__Task directions__. From the records below, transcribe exactly the lines that begin at the line with "line L0 (80.01, 5194.3)" and end at the line with "line L5 (-80.01, 5194.3)", both included.

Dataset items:
⟨
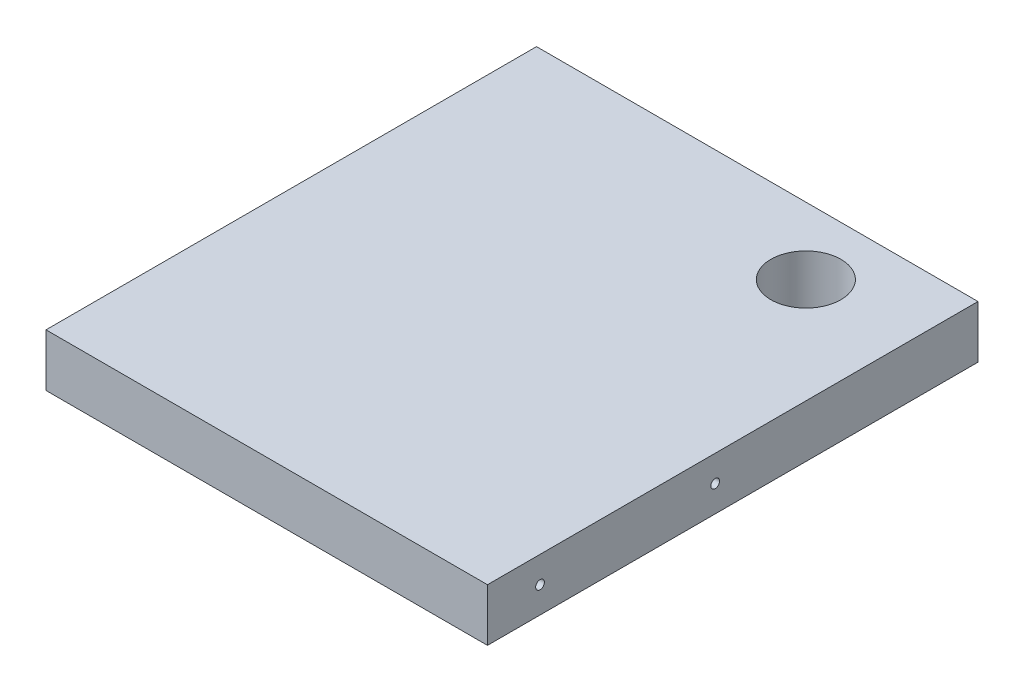
SolidWorks part; units mm, degrees
material "Beech"
ref_plane "Front Plane" through (0, 0, 0) normal (0, 0, 1) x (1, 0, 0)
ref_plane "Top Plane" through (0, 0, 0) normal (0, 1, 0) x (1, 0, 0)
ref_plane "Right Plane" through (0, 0, 0) normal (1, 0, 0) x (0, 0, -1)
sketch "Sketch1" plane through (0, 0, 0) normal (0, 0, 1) x (1, 0, 0)
  line L0 (80.01, 5194.3) -> (80.01, 5232.4) construction
  line L1 (-80.01, 5846.1044) -> (80.01, 5846.1044)
  line L2 (-80.01, 5846.1044) -> (-80.01, 5827.0544)
  line L3 (-80.01, 5827.0544) -> (80.01, 5827.0544)
  line L4 (80.01, 5846.1044) -> (80.01, 5827.0544)
  line L5 (-80.01, 5194.3) -> (-80.01, 5334) construction
  line L6 (-80.01, 5827.0544) -> (-99.06, 5827.0544) construction
  dimension "D1" = 19.05
extrude "Boss-Extrude1" add sketch "Sketch1" along normal offset from surface (177.8 mm away) 101.6
hole_wizard "Hole1" positions "Sketch2" profile "Sketch3" legacy
sketch "Sketch2" plane through (0, 0, -19.05) normal (0, 0, -1) x (-1, 0, 0)
  line L1 (0, 5194.3) -> (0, 5935.98) construction
  line L9 (80.01, 5836.5794) -> (-80.01, 5836.5794) construction
  point P1 (0.1622, 5756.275)
  point P4 (0, 5926.455)
  point P16 (-203.2, 5926.455)
  point P28 (-406.4, 5926.455)
  point P31 (-406.5622, 5756.275)
  point P43 (-203.3622, 5756.275)
  point P55 (-359.618, 5737.225)
  point P61 (-428.6139, 5737.225)
  point P64 (-421.2578, 5578.475)
  point P70 (-319.6578, 5578.475)
  point P82 (-116.4578, 5578.475)
  point P85 (-424.0726, 5559.425)
  point P91 (-358.1042, 5559.425)
  point P94 (-418.2303, 5400.675)
  point P100 (-316.6303, 5400.675)
  point P112 (-113.4303, 5400.675)
  point P115 (-419.5313, 5381.625)
  point P121 (-356.5904, 5381.625)
  point P124 (-415.2028, 5222.875)
  point P130 (-313.6028, 5222.875)
  point P144 (-110.4028, 5222.875)
  point P147 (-414.9901, 5203.825)
  point P153 (-355.0767, 5203.825)
  point P159 (355.0767, 5203.825)
  point P161 (414.9901, 5203.825)
  point P162 (110.4028, 5222.875)
  point P166 (313.6028, 5222.875)
  point P168 (415.2028, 5222.875)
  point P169 (356.5904, 5381.625)
  point P171 (419.5313, 5381.625)
  point P172 (113.4303, 5400.675)
  point P176 (316.6303, 5400.675)
  point P178 (418.2303, 5400.675)
  point P179 (358.1042, 5559.425)
  point P181 (424.0726, 5559.425)
  point P182 (116.4578, 5578.475)
  point P186 (319.6578, 5578.475)
  point P188 (421.2578, 5578.475)
  point P189 (428.6139, 5737.225)
  point P191 (359.618, 5737.225)
  point P195 (203.3622, 5756.275)
  point P199 (406.5622, 5756.275)
  point P200 (406.4, 5926.455)
  point P204 (203.2, 5926.455)
  point P208 (-0.1622, 5756.275)
  point P252 (0, 5836.5794)
  point P254 (-60.96, 5836.5794)
  point P256 (60.96, 5836.5794)
sketch "Sketch3" plane through (-0.1622, 5756.275, -19.05) normal (1, 0, 0) x (0, 1, 0)
  line L0 (0, 0) -> (0, 32.346)
  line L1 (0, 32.346) -> (0.9919, 31.75)
  line L2 (0.9919, 31.75) -> (0.9919, 4.7029)
  line L3 (0.9919, 4.7029) -> (5.08, 0)
  line L4 (5.08, 0) -> (0, 0)
  line L5 (0, -14.3089) -> (0, 102.4216) construction
  line L6 (0, 32.346) -> (-0.9919, 31.75) construction
  line L7 (-0.9919, 4.7029) -> (-5.08, 0) construction
  dimension "Diameter" = 1.9837
  dimension "Depth" = 31.75
  dimension "C-Sink Diameter" = 10.16
  dimension "C-Sink Angle" = 82
  dimension "Drill Angle" = 118
hole_wizard "Hole3" positions "Sketch6" profile "Sketch7" legacy
sketch "Sketch6" plane through (99.06, 0, -2683.51) normal (1, 0, 0) x (0, 0, -1)
  line L0 (-2759.71, 5836.5794) -> (-2861.31, 5836.5794) construction
  point P13 (-2842.26, 5836.5794)
  point P15 (-2778.76, 5836.5794)
sketch "Sketch7" plane through (99.06, 5836.5794, 95.25) normal (0, 1, 0) x (0, 0, -1)
  line L0 (0, 0) -> (0, 32.7039)
  line L1 (0, 32.7039) -> (1.5875, 31.75)
  line L2 (1.5875, 31.75) -> (1.5875, 4.0177)
  line L3 (1.5875, 4.0177) -> (5.08, 0)
  line L4 (5.08, 0) -> (0, 0)
  line L5 (0, -14.3089) -> (0, 102.4216) construction
  line L6 (0, 32.7039) -> (-1.5875, 31.75) construction
  line L7 (-1.5875, 4.0177) -> (-5.08, 0) construction
  dimension "Diameter" = 3.175
  dimension "Depth" = 31.75
  dimension "C-Sink Diameter" = 10.16
  dimension "C-Sink Angle" = 82
  dimension "Drill Angle" = 118
hole_wizard "Hole4" positions "Sketch8" profile "Sketch9" legacy
sketch "Sketch8" plane through (-99.06, 0, -2683.51) normal (-1, 0, 0) x (0, 0, 1)
  line L0 (2759.71, 5836.5794) -> (2861.31, 5836.5794) construction
  point P12 (2842.26, 5836.5794)
  point P14 (2778.76, 5836.5794)
sketch "Sketch9" plane through (-99.06, 5836.5794, 95.25) normal (0, 1, 0) x (0, 0, 1)
  line L0 (0, 0) -> (0, 32.7039)
  line L1 (0, 32.7039) -> (1.5875, 31.75)
  line L2 (1.5875, 31.75) -> (1.5875, 4.0177)
  line L3 (1.5875, 4.0177) -> (5.08, 0)
  line L4 (5.08, 0) -> (0, 0)
  line L5 (0, -14.3089) -> (0, 102.4216) construction
  line L6 (0, 32.7039) -> (-1.5875, 31.75) construction
  line L7 (-1.5875, 4.0177) -> (-5.08, 0) construction
  dimension "Diameter" = 3.175
  dimension "Depth" = 31.75
  dimension "C-Sink Diameter" = 10.16
  dimension "C-Sink Angle" = 82
  dimension "Drill Angle" = 118
hole_wizard "1 (1) Diameter Hole1" positions "Sketch10" profile "Sketch11" hole size "1" standard "ANSI Inch" end condition up to next
sketch "Sketch10" plane through (0, 5827.0544, 0) normal (0, -1, 0) x (-1, 0, 0)
  line L0 (80.01, 0) -> (-80.01, 0) construction
  line L1 (-80.01, -177.8) -> (-80.01, 0) construction
  point P0 (-41.91, -24.2952)
  point P3 (-60.8818, -24.2952)
  dimension "D1" = 24.2952
  dimension "D2" = 38.1
sketch "Sketch11" plane through (41.91, 5827.0544, 24.2952) normal (1, 0, 0) x (0, 0, -1)
  line L0 (0, 0) -> (0, 19.05)
  line L1 (0, 19.05) -> (12.7, 19.05)
  line L2 (12.7, 19.05) -> (12.7, 0)
  line L5 (12.7, 0) -> (0, 0)
  line L11 (0, -6.35) -> (0, 107.95) construction
  dimension "Thru Hole Dia." = 25.4
  dimension "Thru Hole Depth" = 19.05
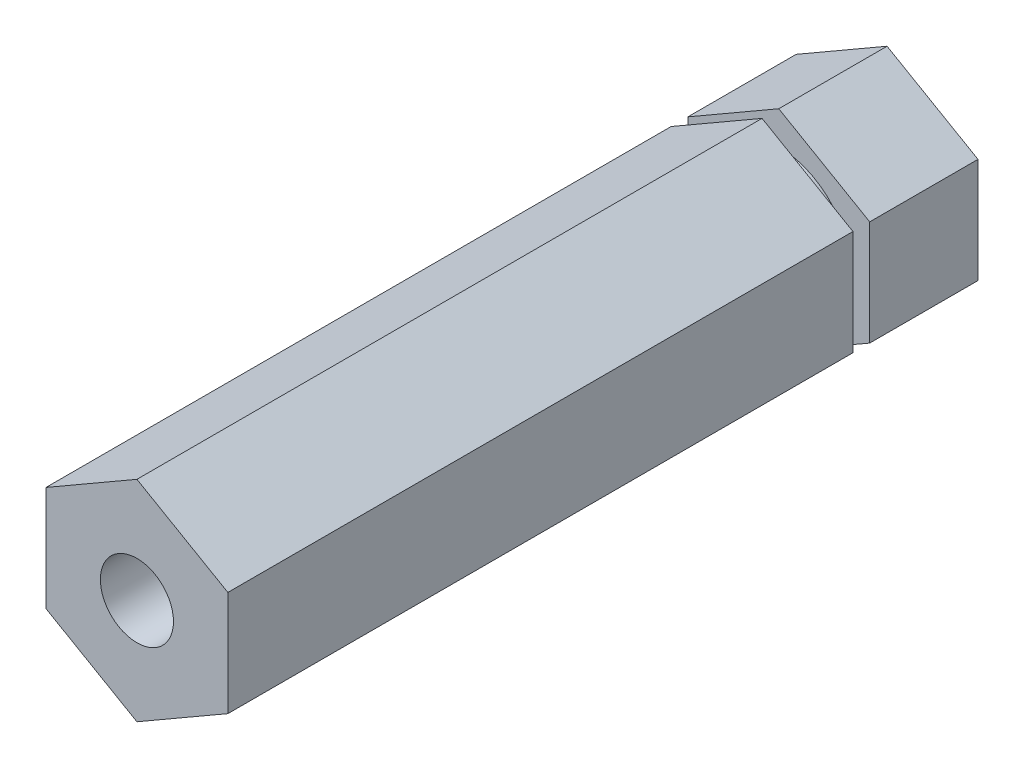
SolidWorks part; units mm, degrees
ref_plane "Front Plane" through (0, 0, 0) normal (0, 0, 1) x (1, 0, 0)
ref_plane "Top Plane" through (0, 0, 0) normal (0, 1, 0) x (1, 0, 0)
ref_plane "Right Plane" through (0, 0, 0) normal (1, 0, 0) x (0, 0, -1)
sketch "Sketch1" plane through (0, 0, 0) normal (0, 0, 1) x (1, 0, 0)
  line L1 (-6.35, 3.6662) -> (-6.35, -3.6662)
  line L2 (-6.35, -3.6662) -> (0, -7.3323)
  line L3 (0, -7.3323) -> (6.35, -3.6662)
  line L4 (6.35, -3.6662) -> (6.35, 3.6662)
  line L5 (6.35, 3.6662) -> (0, 7.3323)
  line L6 (0, 7.3323) -> (-6.35, 3.6662)
  circle A0 centre (0, 0) radius 6.35 construction
  dimension "D1" = 12.7
extrude "Boss-Extrude1" add sketch "Sketch1" along normal mid plane 52.3875
hole_wizard "1/4-20 Tapped Hole1" positions "Sketch2" profile "Sketch4" tap size "1/4-20" standard "ANSI Inch"
sketch "Sketch2" plane through (0, 0, 26.1937) normal (0, 0, 1) x (1, 0, 0)
  point P0 (0, 0)
sketch "Sketch4" plane through (0, 0, 26.1937) normal (1, 0, 0) x (0, -1, 0)
  line L0 (0, 0) -> (0, 20.5838)
  line L1 (0, 20.5838) -> (2.5527, 19.05)
  line L2 (2.5527, 19.05) -> (2.5527, 0)
  line L5 (2.5527, 0) -> (0, 0)
  line L10 (0, 20.5838) -> (-2.5527, 19.05) construction
  line L11 (0, -6.35) -> (0, 107.95) construction
  dimension "Tap Drill Dia." = 5.1054
  dimension "Tap Drill Depth" = 19.05
  dimension "Drill Angle" = 118
cosmetic thread "Hole Thread1" parameters "D1"=12.7, "D2"=6.35
sketch "Sketch5" plane through (0, 0, 0) normal (1, 0, 0) x (0, 0, -1)
  line L0 (26.1937, 0) -> (-26.1937, 0) construction
  line L1 (-26.1937, -3.6662) -> (-26.1937, 3.6662) construction
  line L2 (17.4625, 9.8723) -> (18.6309, 9.8723)
  line L3 (17.4625, 9.8723) -> (17.4625, 5.0292)
  line L4 (17.4625, 5.0292) -> (18.6309, 5.0292)
  line L5 (18.6309, 9.8723) -> (18.6309, 5.0292)
  line L6 (-26.1937, 7.3323) -> (26.1937, 7.3323) construction
  point P4 (0, 0)
  point P9 (18.0467, 5.0292)
  point P10 (0, 0)
  point P11 (-25.4, 0)
  point P14 (18.0467, 9.8723)
  dimension "D1" = 43.6562
  dimension "D2" = 1.1684
  dimension "D3" = 5.0292
  dimension "D4" = 2.54
revolve "Cut-Revolve1" cut sketch "Sketch5" angle 360 about L0
⟩
__Result for this task__.
  line L0 (80.01, 5194.3) -> (80.01, 5232.4) construction
  line L1 (-80.01, 5846.1044) -> (80.01, 5846.1044)
  line L2 (-80.01, 5846.1044) -> (-80.01, 5827.0544)
  line L3 (-80.01, 5827.0544) -> (80.01, 5827.0544)
  line L4 (80.01, 5846.1044) -> (80.01, 5827.0544)
  line L5 (-80.01, 5194.3) -> (-80.01, 5334) construction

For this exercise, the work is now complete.